Last Thursday a friend of mine had a stroke

Last Thursday a friend of mine had a major stroke at work. Whilst she has other health problems, as a female in her 40’s it was totally unexpected and left all her friends shocked, reeling and concerned.

As she was at work in a different county than she lives in, when she arrived at the local hospital, after assessment she was blue lighted to a major tertiary centre as per their local stroke pathway and underwent an emergency medical thrombectomy.  She had a dense stroke, which affected her speech, her ability to stand and the use of her left side.

24 hours post stroke and procedure, when her friends visited she was able to speak, stand with help and was her usual Strictly Dancing fanatical self!

At 72 hours post stroke she was transferred back to her local hospital, where she would have been admitted to if she had not been at work, she is now starting her rehabilitation with a view to being discharged back into the community shortly.

A friend having a Stroke just makes me more determined to offer our proven stroke care enhancing software to more Acute Trusts.

This is for two reasons, firstly the tertiary centre has a SSNAP banding of A and her local NHS Trust is a D. There may be a range of reasons for this poorer performance but we can offer a tool called  CaptureStroke to support Stroke teams to being able to improve their stroke care even when they do not offer Medical Thrombectomy but they are resistant to implement a digital solution to enable better performance as they have other more pressing IT needs!

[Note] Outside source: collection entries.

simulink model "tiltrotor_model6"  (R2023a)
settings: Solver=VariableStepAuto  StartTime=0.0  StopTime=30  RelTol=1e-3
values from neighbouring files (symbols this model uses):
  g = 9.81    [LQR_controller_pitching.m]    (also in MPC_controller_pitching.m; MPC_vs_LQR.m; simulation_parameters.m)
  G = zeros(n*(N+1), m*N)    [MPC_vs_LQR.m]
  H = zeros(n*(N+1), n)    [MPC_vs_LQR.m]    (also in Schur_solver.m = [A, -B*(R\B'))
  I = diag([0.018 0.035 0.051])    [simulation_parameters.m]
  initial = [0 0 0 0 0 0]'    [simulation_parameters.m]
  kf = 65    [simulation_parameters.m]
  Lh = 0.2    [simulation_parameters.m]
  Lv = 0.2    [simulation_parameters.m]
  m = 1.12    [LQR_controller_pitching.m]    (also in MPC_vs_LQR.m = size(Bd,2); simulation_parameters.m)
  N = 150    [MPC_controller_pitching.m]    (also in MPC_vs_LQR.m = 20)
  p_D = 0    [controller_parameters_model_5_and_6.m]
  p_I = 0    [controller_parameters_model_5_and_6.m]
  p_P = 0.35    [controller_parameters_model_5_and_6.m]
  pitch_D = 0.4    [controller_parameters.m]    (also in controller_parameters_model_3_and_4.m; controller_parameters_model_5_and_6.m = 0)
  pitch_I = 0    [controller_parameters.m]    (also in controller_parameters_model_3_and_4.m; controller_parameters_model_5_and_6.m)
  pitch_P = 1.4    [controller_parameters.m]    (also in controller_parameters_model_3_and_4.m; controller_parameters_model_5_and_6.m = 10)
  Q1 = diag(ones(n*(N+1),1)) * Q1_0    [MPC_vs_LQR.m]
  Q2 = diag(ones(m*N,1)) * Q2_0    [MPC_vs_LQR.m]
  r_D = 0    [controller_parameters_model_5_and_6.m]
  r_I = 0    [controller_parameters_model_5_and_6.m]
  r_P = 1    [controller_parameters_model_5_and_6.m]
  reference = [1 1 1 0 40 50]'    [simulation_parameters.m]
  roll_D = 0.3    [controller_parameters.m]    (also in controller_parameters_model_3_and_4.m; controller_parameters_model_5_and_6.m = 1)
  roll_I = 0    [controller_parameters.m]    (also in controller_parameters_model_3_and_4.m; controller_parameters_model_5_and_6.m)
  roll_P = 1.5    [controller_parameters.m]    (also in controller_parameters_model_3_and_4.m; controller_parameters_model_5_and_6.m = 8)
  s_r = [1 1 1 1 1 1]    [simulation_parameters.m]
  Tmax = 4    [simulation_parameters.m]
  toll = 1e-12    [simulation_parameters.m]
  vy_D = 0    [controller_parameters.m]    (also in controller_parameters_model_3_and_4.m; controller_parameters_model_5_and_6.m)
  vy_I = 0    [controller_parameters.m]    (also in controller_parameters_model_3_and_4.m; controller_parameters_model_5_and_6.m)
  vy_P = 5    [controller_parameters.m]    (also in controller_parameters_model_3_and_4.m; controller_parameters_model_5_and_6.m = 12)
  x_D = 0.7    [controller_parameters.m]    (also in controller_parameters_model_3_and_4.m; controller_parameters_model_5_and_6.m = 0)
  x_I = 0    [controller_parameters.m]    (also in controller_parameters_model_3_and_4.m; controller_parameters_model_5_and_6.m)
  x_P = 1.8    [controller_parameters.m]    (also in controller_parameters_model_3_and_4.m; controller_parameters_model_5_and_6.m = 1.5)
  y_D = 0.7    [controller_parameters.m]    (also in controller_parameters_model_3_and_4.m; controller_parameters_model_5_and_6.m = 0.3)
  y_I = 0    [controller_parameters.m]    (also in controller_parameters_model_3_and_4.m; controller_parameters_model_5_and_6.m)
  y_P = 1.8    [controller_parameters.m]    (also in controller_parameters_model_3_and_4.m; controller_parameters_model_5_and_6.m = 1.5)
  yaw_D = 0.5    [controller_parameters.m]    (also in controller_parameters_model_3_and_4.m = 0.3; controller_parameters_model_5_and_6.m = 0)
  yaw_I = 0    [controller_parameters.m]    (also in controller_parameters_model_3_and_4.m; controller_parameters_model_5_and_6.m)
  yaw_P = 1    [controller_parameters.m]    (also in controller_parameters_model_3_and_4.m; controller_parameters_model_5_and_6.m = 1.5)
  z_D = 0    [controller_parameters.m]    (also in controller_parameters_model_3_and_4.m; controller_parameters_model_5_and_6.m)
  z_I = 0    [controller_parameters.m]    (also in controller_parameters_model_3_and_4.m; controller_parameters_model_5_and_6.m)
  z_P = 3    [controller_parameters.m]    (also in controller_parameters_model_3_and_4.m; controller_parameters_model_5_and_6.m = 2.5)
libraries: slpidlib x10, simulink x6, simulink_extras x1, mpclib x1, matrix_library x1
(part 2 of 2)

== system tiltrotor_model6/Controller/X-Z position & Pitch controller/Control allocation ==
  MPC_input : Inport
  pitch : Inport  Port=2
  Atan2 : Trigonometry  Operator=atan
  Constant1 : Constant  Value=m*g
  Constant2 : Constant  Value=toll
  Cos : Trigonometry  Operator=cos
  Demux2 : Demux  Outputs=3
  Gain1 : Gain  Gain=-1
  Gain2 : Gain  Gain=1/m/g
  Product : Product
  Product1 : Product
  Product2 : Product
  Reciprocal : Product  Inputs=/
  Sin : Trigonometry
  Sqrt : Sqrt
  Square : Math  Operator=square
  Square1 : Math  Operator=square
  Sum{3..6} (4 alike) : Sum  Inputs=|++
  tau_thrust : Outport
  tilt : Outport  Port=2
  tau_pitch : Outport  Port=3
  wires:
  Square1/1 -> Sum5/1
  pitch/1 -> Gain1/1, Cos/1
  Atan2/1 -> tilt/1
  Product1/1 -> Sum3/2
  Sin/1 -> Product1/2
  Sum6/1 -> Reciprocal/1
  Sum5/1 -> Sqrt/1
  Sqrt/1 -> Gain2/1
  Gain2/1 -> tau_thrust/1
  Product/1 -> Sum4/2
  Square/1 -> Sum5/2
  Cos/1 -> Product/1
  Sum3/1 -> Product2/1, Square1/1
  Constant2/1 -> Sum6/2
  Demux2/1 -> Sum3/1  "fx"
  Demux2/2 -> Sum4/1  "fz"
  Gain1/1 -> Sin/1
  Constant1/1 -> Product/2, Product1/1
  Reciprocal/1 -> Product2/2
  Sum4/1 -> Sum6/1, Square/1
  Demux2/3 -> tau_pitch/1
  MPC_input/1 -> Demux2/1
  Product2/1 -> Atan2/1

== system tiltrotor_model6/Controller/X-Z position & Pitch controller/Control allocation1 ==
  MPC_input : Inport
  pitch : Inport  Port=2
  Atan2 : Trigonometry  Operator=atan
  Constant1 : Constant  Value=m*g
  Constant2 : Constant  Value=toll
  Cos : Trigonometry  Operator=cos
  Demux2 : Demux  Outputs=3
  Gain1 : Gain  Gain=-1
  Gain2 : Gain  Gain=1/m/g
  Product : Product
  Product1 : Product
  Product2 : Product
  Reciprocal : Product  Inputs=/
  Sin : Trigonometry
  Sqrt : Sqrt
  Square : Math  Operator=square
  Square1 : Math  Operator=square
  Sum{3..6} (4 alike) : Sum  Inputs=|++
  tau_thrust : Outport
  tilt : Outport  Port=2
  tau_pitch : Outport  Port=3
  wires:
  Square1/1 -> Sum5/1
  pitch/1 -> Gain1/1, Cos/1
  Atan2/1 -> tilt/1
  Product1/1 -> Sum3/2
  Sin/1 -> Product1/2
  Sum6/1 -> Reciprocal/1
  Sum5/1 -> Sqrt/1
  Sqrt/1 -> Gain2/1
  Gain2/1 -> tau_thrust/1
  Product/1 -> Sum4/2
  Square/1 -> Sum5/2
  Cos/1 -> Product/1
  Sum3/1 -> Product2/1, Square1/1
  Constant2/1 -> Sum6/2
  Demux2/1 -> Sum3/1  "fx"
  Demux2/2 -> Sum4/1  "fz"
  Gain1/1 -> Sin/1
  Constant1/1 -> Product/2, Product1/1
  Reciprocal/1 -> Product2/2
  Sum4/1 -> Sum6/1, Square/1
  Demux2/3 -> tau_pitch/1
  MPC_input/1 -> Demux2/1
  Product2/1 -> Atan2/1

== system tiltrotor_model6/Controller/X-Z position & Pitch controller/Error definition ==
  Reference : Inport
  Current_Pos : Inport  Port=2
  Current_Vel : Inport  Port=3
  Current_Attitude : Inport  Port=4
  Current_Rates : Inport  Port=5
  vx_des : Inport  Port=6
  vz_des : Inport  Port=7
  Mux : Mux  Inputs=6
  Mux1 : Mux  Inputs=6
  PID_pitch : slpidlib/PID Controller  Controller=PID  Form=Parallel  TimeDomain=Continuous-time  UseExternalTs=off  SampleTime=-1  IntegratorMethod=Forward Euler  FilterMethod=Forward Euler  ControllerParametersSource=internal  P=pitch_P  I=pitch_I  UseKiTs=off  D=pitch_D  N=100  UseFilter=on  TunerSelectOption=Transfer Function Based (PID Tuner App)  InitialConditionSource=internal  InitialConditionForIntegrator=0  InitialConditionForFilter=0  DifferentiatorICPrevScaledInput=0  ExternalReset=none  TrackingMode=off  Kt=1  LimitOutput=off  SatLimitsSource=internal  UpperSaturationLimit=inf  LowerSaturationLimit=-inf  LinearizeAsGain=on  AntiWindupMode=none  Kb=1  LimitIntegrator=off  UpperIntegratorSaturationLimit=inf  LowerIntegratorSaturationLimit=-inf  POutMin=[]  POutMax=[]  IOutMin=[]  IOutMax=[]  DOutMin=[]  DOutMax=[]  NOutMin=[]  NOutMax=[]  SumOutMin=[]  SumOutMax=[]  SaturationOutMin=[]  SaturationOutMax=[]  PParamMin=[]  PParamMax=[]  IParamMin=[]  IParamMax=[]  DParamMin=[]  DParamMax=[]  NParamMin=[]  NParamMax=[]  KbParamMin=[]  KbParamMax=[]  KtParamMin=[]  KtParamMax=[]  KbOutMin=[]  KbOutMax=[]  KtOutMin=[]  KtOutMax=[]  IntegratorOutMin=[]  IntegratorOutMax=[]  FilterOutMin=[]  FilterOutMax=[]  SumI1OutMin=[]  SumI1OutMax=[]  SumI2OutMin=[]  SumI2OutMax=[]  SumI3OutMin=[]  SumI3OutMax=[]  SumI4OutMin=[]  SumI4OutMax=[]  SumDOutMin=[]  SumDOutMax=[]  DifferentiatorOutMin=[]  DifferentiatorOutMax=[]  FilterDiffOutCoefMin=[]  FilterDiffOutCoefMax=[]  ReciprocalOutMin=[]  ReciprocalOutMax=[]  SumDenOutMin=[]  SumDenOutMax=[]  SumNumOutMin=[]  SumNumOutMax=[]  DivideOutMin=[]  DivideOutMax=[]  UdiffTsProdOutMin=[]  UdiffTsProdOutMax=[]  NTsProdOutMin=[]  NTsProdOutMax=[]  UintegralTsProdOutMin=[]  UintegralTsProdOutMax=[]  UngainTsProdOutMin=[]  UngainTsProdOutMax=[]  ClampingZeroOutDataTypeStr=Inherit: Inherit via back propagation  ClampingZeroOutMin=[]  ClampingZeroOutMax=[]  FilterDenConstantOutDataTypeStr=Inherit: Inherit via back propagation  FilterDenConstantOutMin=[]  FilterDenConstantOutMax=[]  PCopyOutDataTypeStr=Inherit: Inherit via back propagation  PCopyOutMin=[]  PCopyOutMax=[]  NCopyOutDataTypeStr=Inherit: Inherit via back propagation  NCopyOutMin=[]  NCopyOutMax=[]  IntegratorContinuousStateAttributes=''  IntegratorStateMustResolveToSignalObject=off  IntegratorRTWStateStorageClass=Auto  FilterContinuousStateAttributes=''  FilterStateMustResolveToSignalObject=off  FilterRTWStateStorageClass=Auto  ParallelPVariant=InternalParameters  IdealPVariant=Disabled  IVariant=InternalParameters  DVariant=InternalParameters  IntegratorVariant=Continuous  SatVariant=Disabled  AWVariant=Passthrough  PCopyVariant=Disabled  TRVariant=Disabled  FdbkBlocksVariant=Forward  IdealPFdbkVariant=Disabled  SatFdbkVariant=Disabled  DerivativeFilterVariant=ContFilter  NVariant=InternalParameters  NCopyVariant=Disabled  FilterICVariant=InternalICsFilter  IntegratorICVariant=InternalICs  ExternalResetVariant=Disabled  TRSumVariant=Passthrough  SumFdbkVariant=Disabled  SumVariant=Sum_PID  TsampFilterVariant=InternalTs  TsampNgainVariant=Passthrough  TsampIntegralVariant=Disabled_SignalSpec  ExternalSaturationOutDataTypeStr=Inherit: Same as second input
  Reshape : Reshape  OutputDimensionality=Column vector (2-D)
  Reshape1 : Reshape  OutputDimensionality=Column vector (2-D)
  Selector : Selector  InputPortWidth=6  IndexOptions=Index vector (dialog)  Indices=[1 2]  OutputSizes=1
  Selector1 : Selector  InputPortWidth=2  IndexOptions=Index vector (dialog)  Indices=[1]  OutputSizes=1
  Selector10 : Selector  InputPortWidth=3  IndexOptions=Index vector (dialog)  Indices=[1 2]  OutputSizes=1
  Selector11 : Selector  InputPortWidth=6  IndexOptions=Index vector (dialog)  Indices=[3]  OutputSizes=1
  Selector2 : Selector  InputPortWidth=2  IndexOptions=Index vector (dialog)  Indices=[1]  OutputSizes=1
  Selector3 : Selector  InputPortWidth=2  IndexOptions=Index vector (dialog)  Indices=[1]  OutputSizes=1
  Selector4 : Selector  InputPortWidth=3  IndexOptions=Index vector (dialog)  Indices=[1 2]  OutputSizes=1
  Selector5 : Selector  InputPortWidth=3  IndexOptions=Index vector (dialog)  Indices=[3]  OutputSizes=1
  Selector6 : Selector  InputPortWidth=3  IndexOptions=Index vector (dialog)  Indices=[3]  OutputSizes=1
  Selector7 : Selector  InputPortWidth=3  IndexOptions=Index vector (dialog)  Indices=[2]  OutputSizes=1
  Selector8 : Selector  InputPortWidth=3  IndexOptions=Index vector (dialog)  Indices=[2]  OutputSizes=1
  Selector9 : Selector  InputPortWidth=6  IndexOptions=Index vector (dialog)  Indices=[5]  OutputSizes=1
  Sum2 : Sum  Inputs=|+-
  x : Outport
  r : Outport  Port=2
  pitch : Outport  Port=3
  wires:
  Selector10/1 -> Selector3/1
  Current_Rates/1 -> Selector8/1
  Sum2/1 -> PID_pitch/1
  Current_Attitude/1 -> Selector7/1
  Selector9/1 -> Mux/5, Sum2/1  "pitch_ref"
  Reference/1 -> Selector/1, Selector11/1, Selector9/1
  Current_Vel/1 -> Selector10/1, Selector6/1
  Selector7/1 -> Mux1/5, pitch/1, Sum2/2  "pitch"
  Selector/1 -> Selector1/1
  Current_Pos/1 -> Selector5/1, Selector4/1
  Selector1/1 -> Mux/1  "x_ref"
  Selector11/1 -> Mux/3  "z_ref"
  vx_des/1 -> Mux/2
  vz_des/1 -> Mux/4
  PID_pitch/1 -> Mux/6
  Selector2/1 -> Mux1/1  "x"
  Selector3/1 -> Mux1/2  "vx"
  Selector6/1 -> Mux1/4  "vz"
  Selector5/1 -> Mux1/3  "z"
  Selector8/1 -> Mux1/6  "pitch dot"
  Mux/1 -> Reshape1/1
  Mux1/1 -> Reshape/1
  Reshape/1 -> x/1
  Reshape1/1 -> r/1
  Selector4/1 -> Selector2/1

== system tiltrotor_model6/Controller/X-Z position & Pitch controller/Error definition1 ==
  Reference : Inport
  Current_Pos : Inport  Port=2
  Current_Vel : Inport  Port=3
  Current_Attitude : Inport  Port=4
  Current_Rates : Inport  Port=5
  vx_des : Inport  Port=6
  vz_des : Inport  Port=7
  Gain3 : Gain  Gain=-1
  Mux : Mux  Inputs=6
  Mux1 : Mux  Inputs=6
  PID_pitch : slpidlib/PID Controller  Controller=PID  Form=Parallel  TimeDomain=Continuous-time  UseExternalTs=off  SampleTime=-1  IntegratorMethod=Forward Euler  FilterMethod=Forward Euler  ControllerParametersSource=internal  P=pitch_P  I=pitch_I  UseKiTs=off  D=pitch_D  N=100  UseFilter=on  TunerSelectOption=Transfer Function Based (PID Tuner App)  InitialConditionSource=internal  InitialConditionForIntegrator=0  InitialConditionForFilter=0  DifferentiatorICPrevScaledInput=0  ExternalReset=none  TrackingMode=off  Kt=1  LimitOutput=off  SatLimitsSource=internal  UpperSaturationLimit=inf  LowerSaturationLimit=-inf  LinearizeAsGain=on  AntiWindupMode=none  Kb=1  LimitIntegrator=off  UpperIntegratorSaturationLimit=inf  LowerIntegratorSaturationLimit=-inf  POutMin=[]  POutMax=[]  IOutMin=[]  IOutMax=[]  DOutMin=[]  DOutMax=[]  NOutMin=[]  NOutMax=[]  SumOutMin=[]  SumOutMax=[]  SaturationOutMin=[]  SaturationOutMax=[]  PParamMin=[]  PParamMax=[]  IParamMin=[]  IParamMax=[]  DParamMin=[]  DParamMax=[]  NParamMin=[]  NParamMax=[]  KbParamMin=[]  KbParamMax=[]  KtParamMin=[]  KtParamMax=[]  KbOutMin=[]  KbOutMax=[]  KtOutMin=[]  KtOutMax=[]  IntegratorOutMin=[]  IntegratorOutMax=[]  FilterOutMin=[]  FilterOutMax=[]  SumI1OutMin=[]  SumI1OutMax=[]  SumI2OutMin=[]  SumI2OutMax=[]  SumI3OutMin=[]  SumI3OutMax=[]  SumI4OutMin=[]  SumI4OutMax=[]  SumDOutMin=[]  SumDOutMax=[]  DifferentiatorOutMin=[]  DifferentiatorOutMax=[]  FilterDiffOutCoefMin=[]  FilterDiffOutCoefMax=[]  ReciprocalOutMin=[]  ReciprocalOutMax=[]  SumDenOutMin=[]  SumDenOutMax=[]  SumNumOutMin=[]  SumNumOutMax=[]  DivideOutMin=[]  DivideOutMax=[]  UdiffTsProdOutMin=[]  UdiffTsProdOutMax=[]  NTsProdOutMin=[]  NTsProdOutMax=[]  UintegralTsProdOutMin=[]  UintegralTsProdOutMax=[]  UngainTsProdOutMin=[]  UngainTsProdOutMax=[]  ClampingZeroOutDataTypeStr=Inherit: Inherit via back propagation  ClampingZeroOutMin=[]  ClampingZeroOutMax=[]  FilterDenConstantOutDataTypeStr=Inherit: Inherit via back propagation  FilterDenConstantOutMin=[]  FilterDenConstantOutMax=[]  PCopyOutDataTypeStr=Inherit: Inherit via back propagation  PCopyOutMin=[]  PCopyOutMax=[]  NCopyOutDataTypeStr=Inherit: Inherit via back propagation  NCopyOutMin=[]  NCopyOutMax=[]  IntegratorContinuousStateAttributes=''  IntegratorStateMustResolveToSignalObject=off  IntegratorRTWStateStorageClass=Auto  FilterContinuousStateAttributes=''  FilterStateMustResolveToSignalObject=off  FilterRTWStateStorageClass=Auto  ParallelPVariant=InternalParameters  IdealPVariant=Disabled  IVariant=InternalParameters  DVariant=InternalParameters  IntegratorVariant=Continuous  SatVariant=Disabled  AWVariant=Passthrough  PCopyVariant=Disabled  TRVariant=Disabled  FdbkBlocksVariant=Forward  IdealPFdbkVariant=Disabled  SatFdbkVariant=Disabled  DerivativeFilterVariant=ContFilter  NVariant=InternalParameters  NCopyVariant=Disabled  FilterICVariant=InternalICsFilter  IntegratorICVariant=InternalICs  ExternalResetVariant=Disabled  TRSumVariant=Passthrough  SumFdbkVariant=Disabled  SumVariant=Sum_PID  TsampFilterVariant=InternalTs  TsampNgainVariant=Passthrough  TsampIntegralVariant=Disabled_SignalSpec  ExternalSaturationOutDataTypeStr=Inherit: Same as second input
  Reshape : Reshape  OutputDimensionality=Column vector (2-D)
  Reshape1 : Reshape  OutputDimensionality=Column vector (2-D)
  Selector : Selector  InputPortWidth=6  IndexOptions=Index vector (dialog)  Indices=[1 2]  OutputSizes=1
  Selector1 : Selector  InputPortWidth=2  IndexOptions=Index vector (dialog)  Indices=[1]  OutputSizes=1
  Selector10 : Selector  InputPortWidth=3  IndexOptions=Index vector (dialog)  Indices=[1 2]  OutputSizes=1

Secondly with the re-configuration of stroke services, patient’s will be admitted to one NHS Trust and then continue their care in another, a hub and spoke type care pathway model.

Without a Digital Stroke pathway tool, a patient’s Stroke interventions will not be captured in one place but instead on several different EHR and PAS systems meaning that that there will not be one version of truth or complete record of the stroke interventions they have received at every stage of the pathway. Again, this is where CaptureStroke comes into its own. It complements and enhances current EHR and PAS systems as well as supporting the collection of accurate and timely SSNAP data.

As cloud based, stroke specific software, irrespective of where the patient’s stroke interventions take place (from the ambulance, acute care and community) they can be captured in one digital record in real time.

CaptureStroke is also able to offer regional stroke dashboards (provided that all the Acute Hospitals in the STP have adopted CaptureStroke) so there is the ability to see an STP wide view of stroke services and any variant in patient care. To find out how to implement CaptureStroke or for more information click here.

I’m so delighted my friend is starting her rehab and she was in the best place to receive the care that enabled it.

Note: Some details have been changed to ensure patient confidentiality, but the stroke details, care and timings are true.